美しく、才能にあふれた神の不平等の限界/エレーヌ・グリモーから学ぶ
最高級の女流ピアニスト
この女流ピアニストは今はもう53才ですが、30歳の時にはすでに一流でした。この表現力と構成力を聞いてください。素晴らしいです。そして、このピアニストは、ペダルを駆使して音の広がりと輝きを作り上げます。
驚くのは、彼女がピアノを始めた年齢と環境です。彼女は7歳、小学校2、3年生からピアノを始めています・親は動物生態学の大学教授で、娘をピアニストなどにしたかったわけでもなく、ただの習い事を始める年齢でピアノをはじめ、9歳でエクサンプロヴァンスの音楽院に入学しています。
楽器など3~4歳で始めないと音感が身につかないとか、7歳くらいではすでに楽譜を読む訓練を初めていて言語並みに楽譜を読めないと話にならないとか言われる業界では、全くの異例です。おそらく、小学校に入って何らかのきっかけでピアノを弾き始め、その瞬間から他の子供とは全く違っていたはずです。周囲は驚愕して本格的に習わせたことでしょう。

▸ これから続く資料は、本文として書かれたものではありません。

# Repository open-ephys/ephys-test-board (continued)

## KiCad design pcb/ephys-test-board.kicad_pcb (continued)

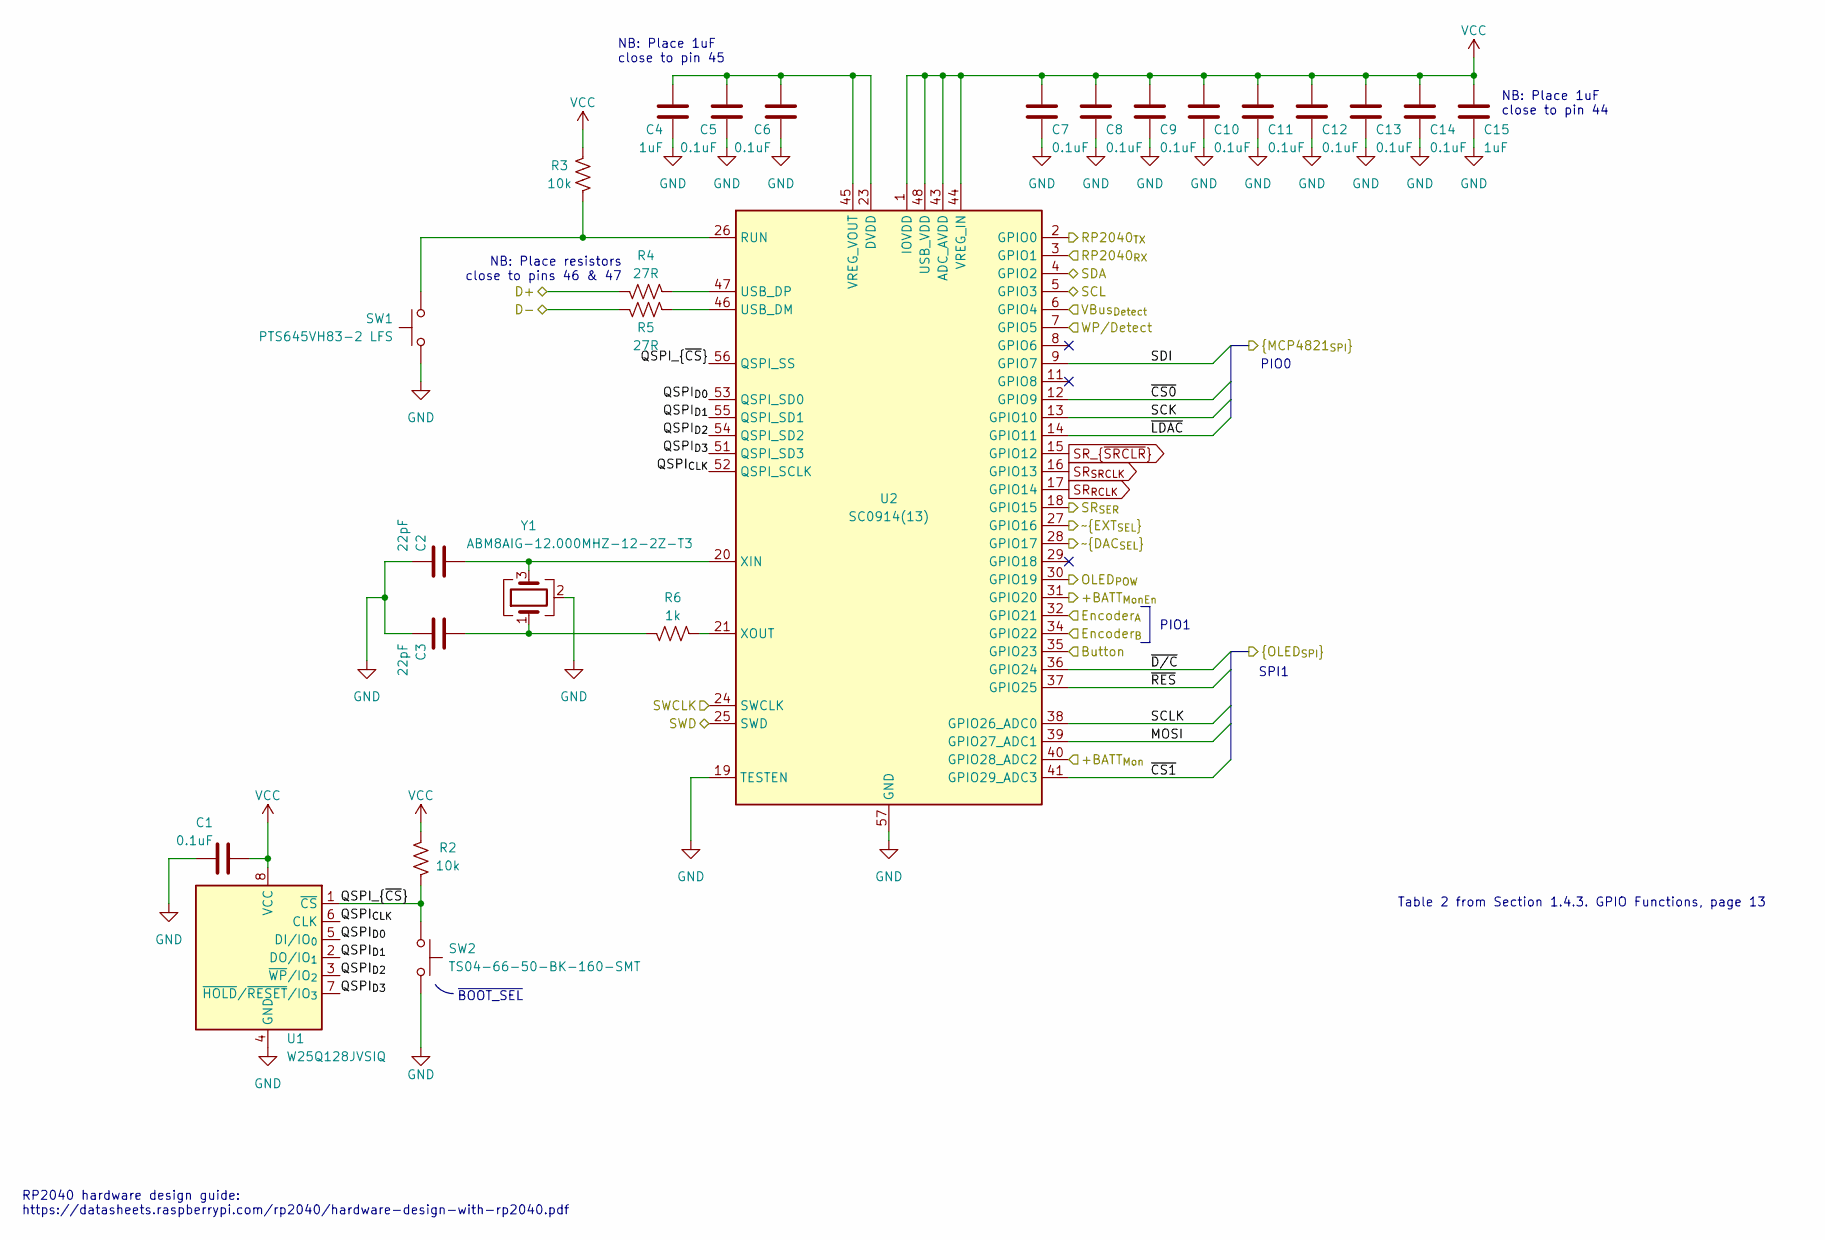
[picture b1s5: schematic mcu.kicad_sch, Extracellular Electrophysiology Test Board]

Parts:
C1, C5, C6, C7, C8, C9, C10, C11, C12, C13, C14: 0.1uF; C_0402_1005Metric; Voltage 25V; MPN C1005X7R1E104K050BB; LCSC C105883
C2, C3: 22pF; C_0402_1005Metric; Voltage 50V; MPN CL05C220JB51PNC; LCSC C106203
C4, C15: 1uF; C_0603_1608Metric; Voltage 16V; MPN CL10A105KA8NNNC; LCSC C5673
R2, R3: 10k; R_0402_1005Metric; MPN CRCW040210K0FKED; LCSC C60490
R4, R5: 27R; R_0402_1005Metric; MPN RMCF0402FT27R0; LCSC C138021
R6: 1k; R_0402_1005Metric; Tolerance 0.1%; MPN RG1005P-102-B-T5; LCSC C2073397
SW1: PTS645VH83-2 LFS; SW_Tactile_SPST_Angled_PTS645Vx58-2LFS; MPN PTS645VH83-2 LFS; LCSC C221889
SW2: TS04-66-50-BK-160-SMT; SAMESKY_TS04-66-XX-BK-XXX-SMT-XX; MPN TS04-66-50-BK-160-SMT; LCSC C4364861
U1: W25Q128JVSIQ; SOIC-8_5.3x5.3mm_P1.27mm; MPN W25Q128JVSIQ; LCSC C97521
U2: SC0914(13); QFN-56-1EP_7x7mm_P0.4mm_EP3.2x3.2mm; MPN SC0914(13); LCSC C2040
Y1: ABM8AIG-12.000MHZ-12-2Z-T3; Crystal_SMD_Abracon_ABM8AIG-4Pin_3.2x2.5mm; MPN ABM8AIG-12.000MHZ-12-2Z-T3; LCSC C133337

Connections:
/Headstage IO/SCL: U2.5 (GPIO3); also elsewhere on the board
/Headstage IO/SDA: U2.4 (GPIO2); also elsewhere on the board
/Headstage IO/WP/Detect: U2.7 (GPIO5); also elsewhere on the board
/MCU/+BATT_{MonEn}: U2.31 (GPIO20); also elsewhere on the board
/MCU/+BATT_{Mon}: U2.40 (GPIO28_ADC2); also elsewhere on the board
/MCU/Button: U2.35 (GPIO23); also elsewhere on the board
/MCU/D+: R4.2; also elsewhere on the board
/MCU/D-: R5.2; also elsewhere on the board
/MCU/Encoder_{A}: U2.32 (GPIO21); also elsewhere on the board
/MCU/Encoder_{B}: U2.34 (GPIO22); also elsewhere on the board
/MCU/MOSI: U2.39 (GPIO27_ADC1); also elsewhere on the board
/MCU/OLED_{POW}: U2.30 (GPIO19); also elsewhere on the board
/MCU/QSPI_{CLK}: U1.6 (CLK), U2.52 (QSPI_SCLK)
/MCU/QSPI_{D0}: U1.5 (DI/IO_{0}), U2.53 (QSPI_SD0)
/MCU/QSPI_{D1}: U1.2 (DO/IO_{1}), U2.55 (QSPI_SD1)
/MCU/QSPI_{D2}: U1.3 (~WP/IO_{2}), U2.54 (QSPI_SD2)
/MCU/QSPI_{D3}: U1.7 (~HOLD/~RESET/IO_{3}), U2.51 (QSPI_SD3)
/MCU/QSPI_{~CS}: R2.2, SW2.2, U1.1 (~CS), U2.56 (QSPI_SS)
/MCU/RP2040_{RX}: U2.3 (GPIO1); also elsewhere on the board
/MCU/RP2040_{TX}: U2.2 (GPIO0); also elsewhere on the board
/MCU/SCK: U2.13 (GPIO10); also elsewhere on the board
/MCU/SCLK: U2.38 (GPIO26_ADC0); also elsewhere on the board
/MCU/SDI: U2.9 (GPIO7); also elsewhere on the board
/MCU/SR_{SER}: U2.18 (GPIO15); also elsewhere on the board
/MCU/SWCLK: U2.24 (SWCLK); also elsewhere on the board
/MCU/SWD: U2.25 (SWD); also elsewhere on the board
/MCU/VBus_{Detect}: U2.6 (GPIO4); also elsewhere on the board
/MCU/~CS0: U2.12 (GPIO9); also elsewhere on the board
/MCU/~CS1: U2.41 (GPIO29_ADC3); also elsewhere on the board
/MCU/~DAC_{SEL}: U2.28 (GPIO17); also elsewhere on the board
/MCU/~D/C: U2.36 (GPIO24); also elsewhere on the board
/MCU/~EXT_{SEL}: U2.27 (GPIO16); also elsewhere on the board
/MCU/~LDAC: U2.14 (GPIO11); also elsewhere on the board
/MCU/~RES: U2.37 (GPIO25); also elsewhere on the board
GND: C1.2, C2.2, C3.2, C4.2, C5.2, C6.2, C7.2, C8.2, C9.2, C10.2, C11.2, C12.2, C13.2, C14.2, C15.2, SW1.1, SW2.1, U1.4 (GND), U2.19 (TESTEN), U2.57 (GND), Y1.2 (G), Y1.4 (G); also elsewhere on the board
unnamed: C3.1, R6.2, Y1.1
unnamed: R3.2, SW1.2, U2.26 (RUN)
unnamed: R5.1, U2.46 (USB_DM)
unnamed: R4.1, U2.47 (USB_DP)
unnamed: C4.1, C5.1, C6.1, U2.23 (DVDD), U2.45 (VREG_VOUT), U2.50 (DVDD)
unnamed: C2.1, U2.20 (XIN), Y1.3
unnamed: R6.1, U2.21 (XOUT)
SR_{RCLK}: U2.17 (GPIO14); also elsewhere on the board
SR_{SRCLK}: U2.16 (GPIO13); also elsewhere on the board
SR_{~SRCLR}: U2.15 (GPIO12); also elsewhere on the board
VCC: C1.1, C7.1, C8.1, C9.1, C10.1, C11.1, C12.1, C13.1, C14.1, C15.1, R2.1, R3.1, U1.8 (VCC), U2.1 (IOVDD), U2.10 (IOVDD), U2.22 (IOVDD), U2.33 (IOVDD), U2.42 (IOVDD), U2.43 (ADC_AVDD), U2.44 (VREG_IN), U2.48 (USB_VDD), U2.49 (IOVDD); also elsewhere on the board

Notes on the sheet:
NB: Place 1uF close to pin 45
Table 2 from Section 1.4.3. GPIO Functions, page 13
PIO1
NB: Place 1uF close to pin 44
PIO0
SPI1
RP2040 hardware design guide: https://datasheets.raspberrypi.com/rp2040/hardware-design-with-rp2040.pdf
~{BOOT_SEL}
NB: Place resistors close to pins 46 & 47

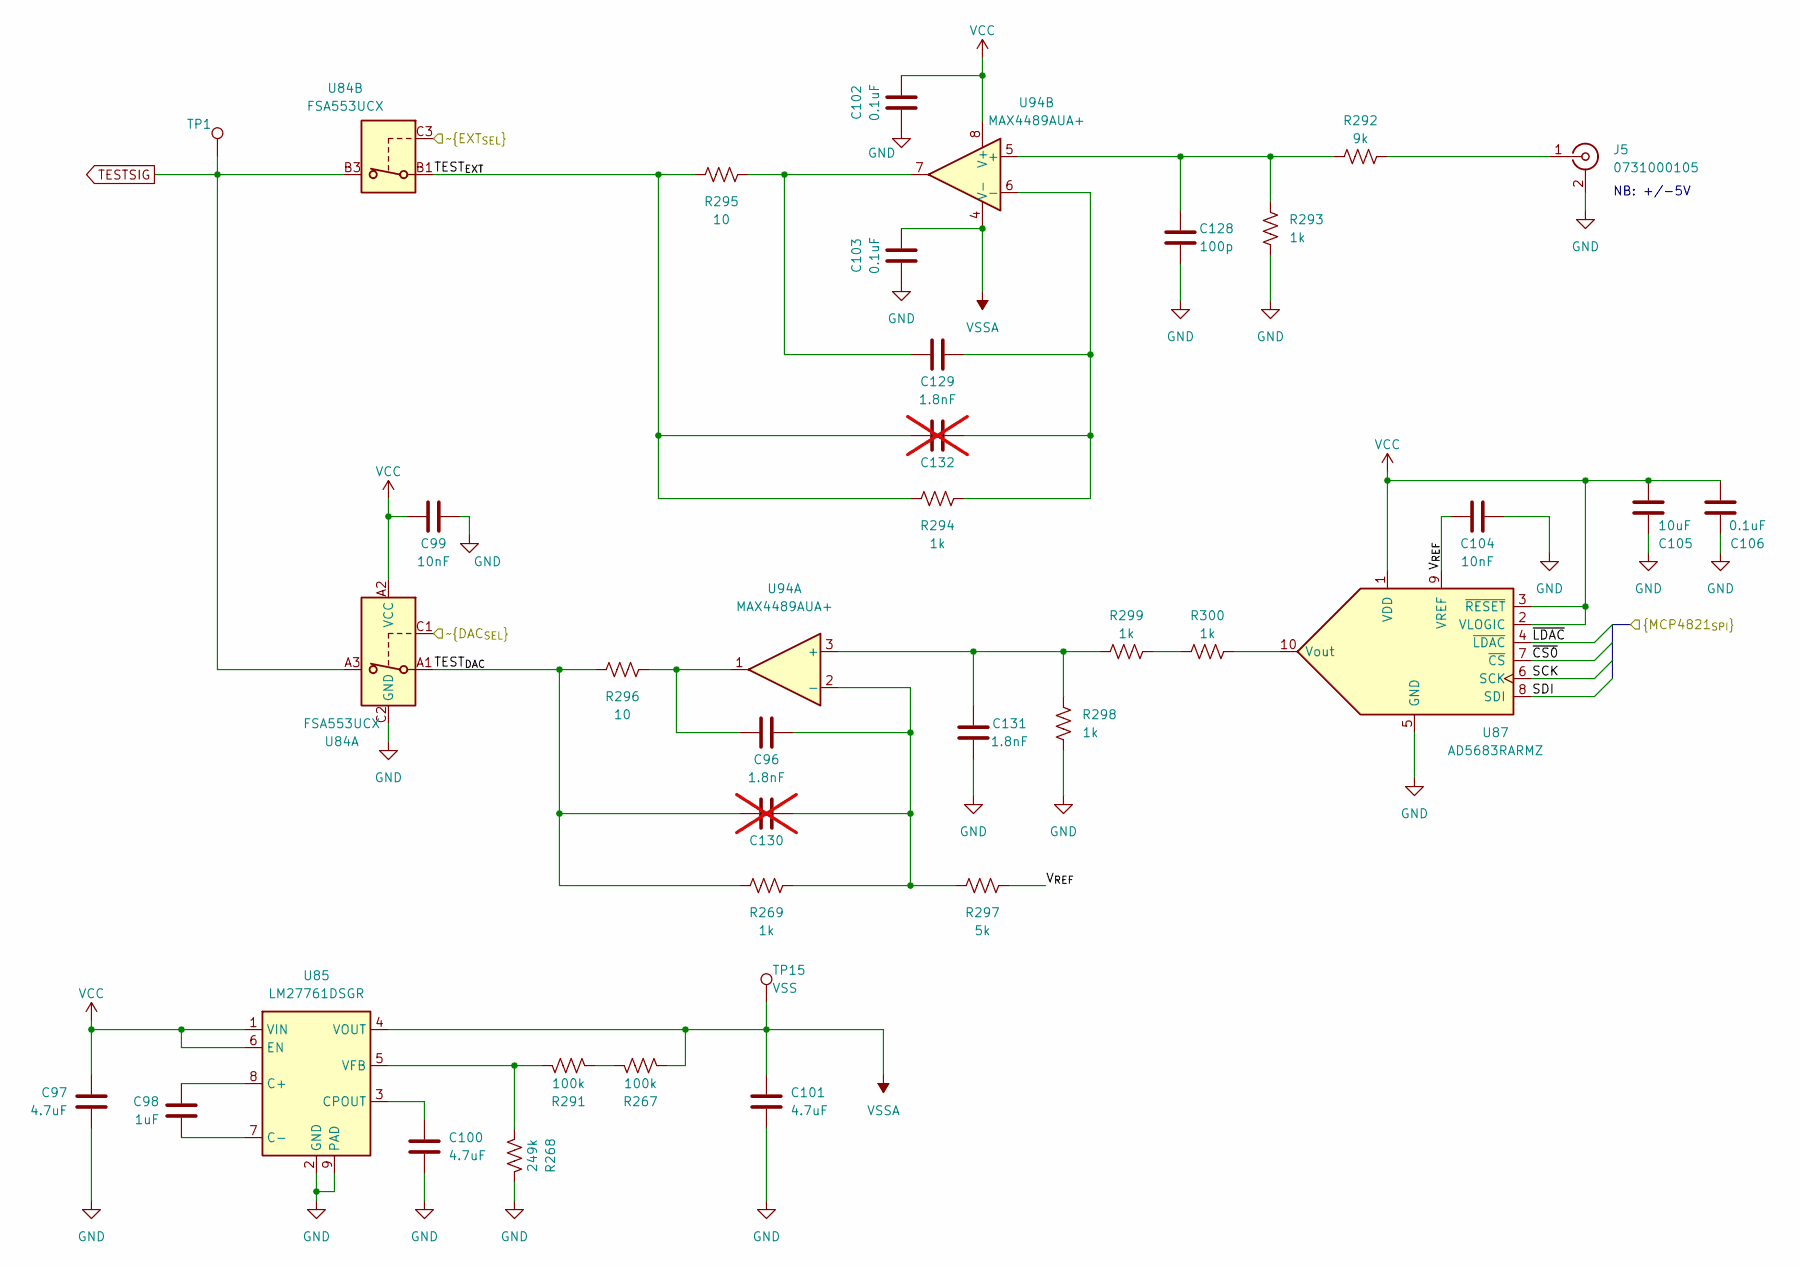
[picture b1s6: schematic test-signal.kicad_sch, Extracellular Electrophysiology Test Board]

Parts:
C96, C129, C131: 1.8nF; C_0402_1005Metric; Voltage 50V; MPN C0402C182J5RACTU; LCSC C107024
C97, C100, C101: 4.7uF; C_1206_3216Metric; Voltage 16V; MPN CL31B475KOHNNNE; LCSC C51205
C98: 1uF; C_0603_1608Metric; Voltage 16V; MPN CL10A105KA8NNNC; LCSC C5673
C99, C104: 10nF; C_0402_1005Metric; Voltage 50V; MPN GRM155R71E103KA01D; LCSC C60133
C102, C103, C106: 0.1uF; C_0402_1005Metric; Voltage 25V; MPN C1005X7R1E104K050BB; LCSC C105883
C105: 10uF; C_1206_3216Metric; Voltage 16V; MPN CL31B106KBHNNNE; LCSC C13585
C128: 100p; C_0402_1005Metric; Voltage 50V; MPN CC0402JRNPO9BN101; LCSC C281751
C130, C132: C_0402_1005Metric; MPN DNP; not fitted
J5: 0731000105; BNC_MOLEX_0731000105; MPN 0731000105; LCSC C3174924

その後、大学では動物行動学を専攻して、「オオカミと暮らす美人ピアニスト」としても有名になりました。要するに、常人ではないのです。
まさしく、gifted、与えられたものです。環境など関係ない。しかも、美人ときている。すっぴんでこれですからな。神様は不平等ですな。
ブラームスも素晴らしい
NHK交響楽団のバックも素晴らしいです。木管、特にオーボエが素晴らしい。 彼女の演奏を年代ごとに聞くと、この演奏の少し前には調子を落としていた時期もあるようです。このNHKでのライブを見る限り復活したようで喜ばしいです。
ところで、私がこのピアニスト凄いと思うブラームスとは?/グリモーに勝ち目はない
もう、ロシア人のピアノとしか言いようがないロマンチックで重量級。ブラームスがラフマニノフになっとる。そして、この体躯がないとこのピアノは弾けないと思う。ところで、ブラームスの裏のリズムがよくわかる指揮ですな。
素晴らしく考え抜かれ、コントロールされ尽くした精密な演奏。聞き入ってしまう。
このレベルを聞くと、グリモーは厳しいですな
これは彼女の才能というより、運動神経や筋力と言った肉体的な差が大きいと思います。やはり女性では楽器のコントロールが甘くなる。だからペダルを頼って、音が不明瞭になる。これは上の動画を比べると、否応なく知ることになる。
そして、女性奏者の場合、経験や年齢に応じた円熟で、年齢とともに落ちる演奏能力を補い、名演奏家と言われる域に達する奏者が少ない。なぜだか理由は分かりません。
アルゲリッチが男以上の演奏をできた、ただ一つの理由
女性で過去最高のgiftedを持ち、尚且つ男以上の演奏能力を持ったピアニストにアルゲリッチがいます。その理由は単純です。男並みの肉体を持っていたからです。年齢に応じた円熟を見せた数少ない女流名演奏家ピリスとの連打を見ればよく分かります。